What you are asked to do —
Search the records for "CIRCLE". Report every line where it occurs.

Collected data entries:
--
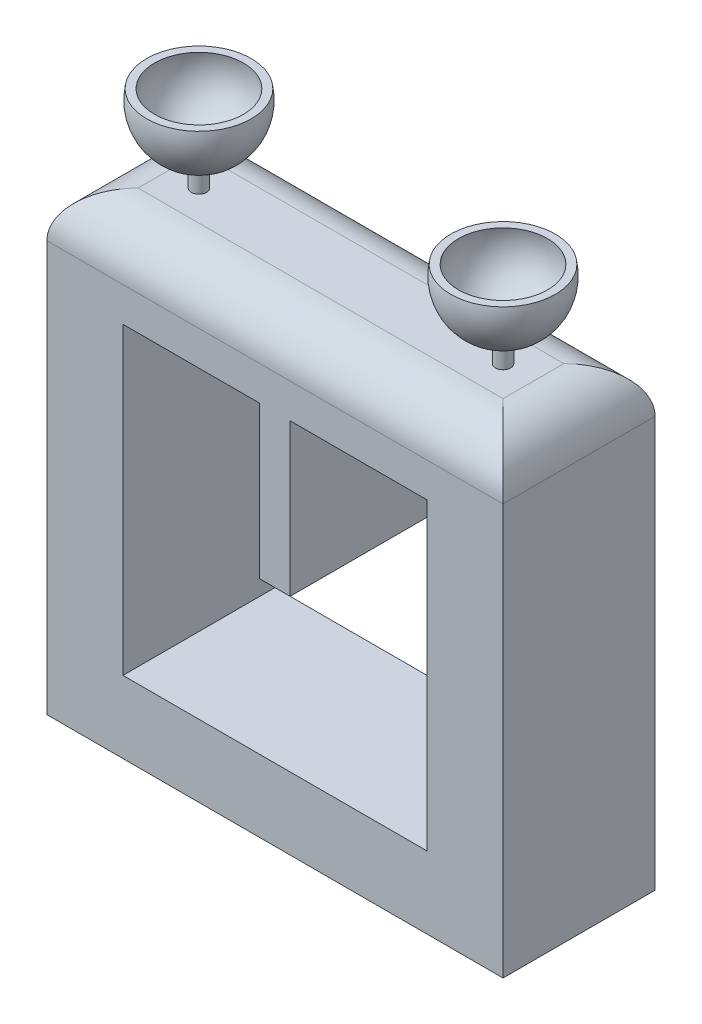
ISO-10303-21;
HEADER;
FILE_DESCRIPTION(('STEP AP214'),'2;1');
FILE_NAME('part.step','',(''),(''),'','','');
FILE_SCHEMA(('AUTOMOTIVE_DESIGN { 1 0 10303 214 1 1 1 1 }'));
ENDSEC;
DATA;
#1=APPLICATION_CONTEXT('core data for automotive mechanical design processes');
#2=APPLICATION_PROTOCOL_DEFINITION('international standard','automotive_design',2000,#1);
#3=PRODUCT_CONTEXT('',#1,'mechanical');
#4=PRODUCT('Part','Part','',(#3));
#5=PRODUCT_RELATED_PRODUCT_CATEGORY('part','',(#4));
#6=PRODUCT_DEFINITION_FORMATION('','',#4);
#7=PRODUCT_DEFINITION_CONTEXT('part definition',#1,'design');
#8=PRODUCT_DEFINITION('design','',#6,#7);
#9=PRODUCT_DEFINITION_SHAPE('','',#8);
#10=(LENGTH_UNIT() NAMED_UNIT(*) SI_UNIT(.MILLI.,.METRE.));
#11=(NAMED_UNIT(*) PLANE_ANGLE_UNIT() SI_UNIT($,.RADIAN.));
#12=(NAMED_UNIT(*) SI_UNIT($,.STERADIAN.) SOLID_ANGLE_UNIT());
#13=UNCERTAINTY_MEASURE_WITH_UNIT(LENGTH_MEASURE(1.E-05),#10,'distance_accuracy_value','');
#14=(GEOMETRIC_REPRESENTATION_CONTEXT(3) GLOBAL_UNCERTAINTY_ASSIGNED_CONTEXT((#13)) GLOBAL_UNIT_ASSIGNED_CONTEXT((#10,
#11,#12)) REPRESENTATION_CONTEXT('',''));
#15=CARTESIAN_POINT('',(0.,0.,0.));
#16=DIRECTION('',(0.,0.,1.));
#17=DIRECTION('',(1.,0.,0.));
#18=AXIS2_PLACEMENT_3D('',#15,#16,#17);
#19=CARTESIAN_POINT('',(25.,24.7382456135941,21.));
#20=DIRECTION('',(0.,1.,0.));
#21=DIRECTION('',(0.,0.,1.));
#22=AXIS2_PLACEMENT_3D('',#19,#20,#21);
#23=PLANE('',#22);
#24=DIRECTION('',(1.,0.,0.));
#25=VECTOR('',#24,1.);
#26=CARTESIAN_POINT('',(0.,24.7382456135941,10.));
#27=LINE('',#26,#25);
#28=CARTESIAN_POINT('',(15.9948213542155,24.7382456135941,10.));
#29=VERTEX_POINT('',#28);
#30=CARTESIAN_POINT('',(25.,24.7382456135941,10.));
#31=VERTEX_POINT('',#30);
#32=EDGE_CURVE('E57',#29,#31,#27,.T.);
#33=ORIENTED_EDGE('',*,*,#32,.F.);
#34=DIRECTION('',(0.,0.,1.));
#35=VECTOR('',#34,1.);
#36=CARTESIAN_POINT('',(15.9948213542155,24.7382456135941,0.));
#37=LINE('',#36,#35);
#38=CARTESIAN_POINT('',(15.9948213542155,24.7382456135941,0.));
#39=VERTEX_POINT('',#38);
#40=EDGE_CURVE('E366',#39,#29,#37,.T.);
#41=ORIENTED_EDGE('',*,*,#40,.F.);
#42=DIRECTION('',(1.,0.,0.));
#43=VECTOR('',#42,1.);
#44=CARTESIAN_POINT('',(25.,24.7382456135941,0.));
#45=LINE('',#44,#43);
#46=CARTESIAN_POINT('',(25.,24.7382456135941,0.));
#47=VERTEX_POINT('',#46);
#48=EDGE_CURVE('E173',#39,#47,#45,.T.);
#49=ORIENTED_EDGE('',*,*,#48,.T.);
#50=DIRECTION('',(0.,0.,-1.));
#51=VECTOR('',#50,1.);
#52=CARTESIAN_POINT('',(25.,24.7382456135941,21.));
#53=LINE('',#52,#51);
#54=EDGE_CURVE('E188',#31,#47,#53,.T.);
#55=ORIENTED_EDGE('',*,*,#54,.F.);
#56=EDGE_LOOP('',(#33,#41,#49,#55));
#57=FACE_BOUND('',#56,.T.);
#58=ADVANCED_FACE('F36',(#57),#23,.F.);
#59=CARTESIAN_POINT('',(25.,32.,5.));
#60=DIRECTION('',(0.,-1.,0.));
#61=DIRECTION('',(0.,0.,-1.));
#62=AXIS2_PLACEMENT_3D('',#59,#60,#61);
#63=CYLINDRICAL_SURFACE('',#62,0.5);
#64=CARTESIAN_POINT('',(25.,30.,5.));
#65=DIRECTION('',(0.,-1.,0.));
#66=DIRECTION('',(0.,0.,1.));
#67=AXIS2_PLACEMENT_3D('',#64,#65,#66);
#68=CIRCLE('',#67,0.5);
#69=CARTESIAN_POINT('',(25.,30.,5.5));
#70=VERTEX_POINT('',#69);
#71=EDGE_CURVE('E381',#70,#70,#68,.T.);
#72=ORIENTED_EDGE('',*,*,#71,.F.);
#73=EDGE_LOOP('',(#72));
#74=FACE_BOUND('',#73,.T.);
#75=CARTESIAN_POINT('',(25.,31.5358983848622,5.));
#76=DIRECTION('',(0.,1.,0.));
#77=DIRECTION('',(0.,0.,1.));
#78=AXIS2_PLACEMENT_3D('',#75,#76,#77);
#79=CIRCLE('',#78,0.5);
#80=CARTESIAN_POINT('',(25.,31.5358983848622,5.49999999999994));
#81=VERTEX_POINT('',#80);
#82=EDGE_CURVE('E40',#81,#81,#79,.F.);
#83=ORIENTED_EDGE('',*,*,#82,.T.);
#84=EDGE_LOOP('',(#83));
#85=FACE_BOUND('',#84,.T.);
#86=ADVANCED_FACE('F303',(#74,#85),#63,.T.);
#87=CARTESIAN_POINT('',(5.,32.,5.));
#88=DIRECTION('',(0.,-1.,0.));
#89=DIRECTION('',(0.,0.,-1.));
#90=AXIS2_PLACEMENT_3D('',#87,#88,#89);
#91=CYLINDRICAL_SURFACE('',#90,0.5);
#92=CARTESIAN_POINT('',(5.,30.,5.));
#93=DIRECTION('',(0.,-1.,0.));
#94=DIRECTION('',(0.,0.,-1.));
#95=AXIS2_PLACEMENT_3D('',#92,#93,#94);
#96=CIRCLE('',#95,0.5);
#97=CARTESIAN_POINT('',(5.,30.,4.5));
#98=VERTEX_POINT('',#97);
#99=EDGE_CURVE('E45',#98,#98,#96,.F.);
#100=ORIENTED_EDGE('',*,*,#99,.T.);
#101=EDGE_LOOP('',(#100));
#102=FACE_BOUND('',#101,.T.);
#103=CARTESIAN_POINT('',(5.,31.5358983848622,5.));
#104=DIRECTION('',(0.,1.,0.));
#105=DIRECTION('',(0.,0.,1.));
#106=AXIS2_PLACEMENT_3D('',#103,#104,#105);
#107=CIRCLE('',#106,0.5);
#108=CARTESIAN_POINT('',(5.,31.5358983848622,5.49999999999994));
--
Your response —
#68=CIRCLE('',#67,0.5);
#79=CIRCLE('',#78,0.5);
#96=CIRCLE('',#95,0.5);
#107=CIRCLE('',#106,0.5);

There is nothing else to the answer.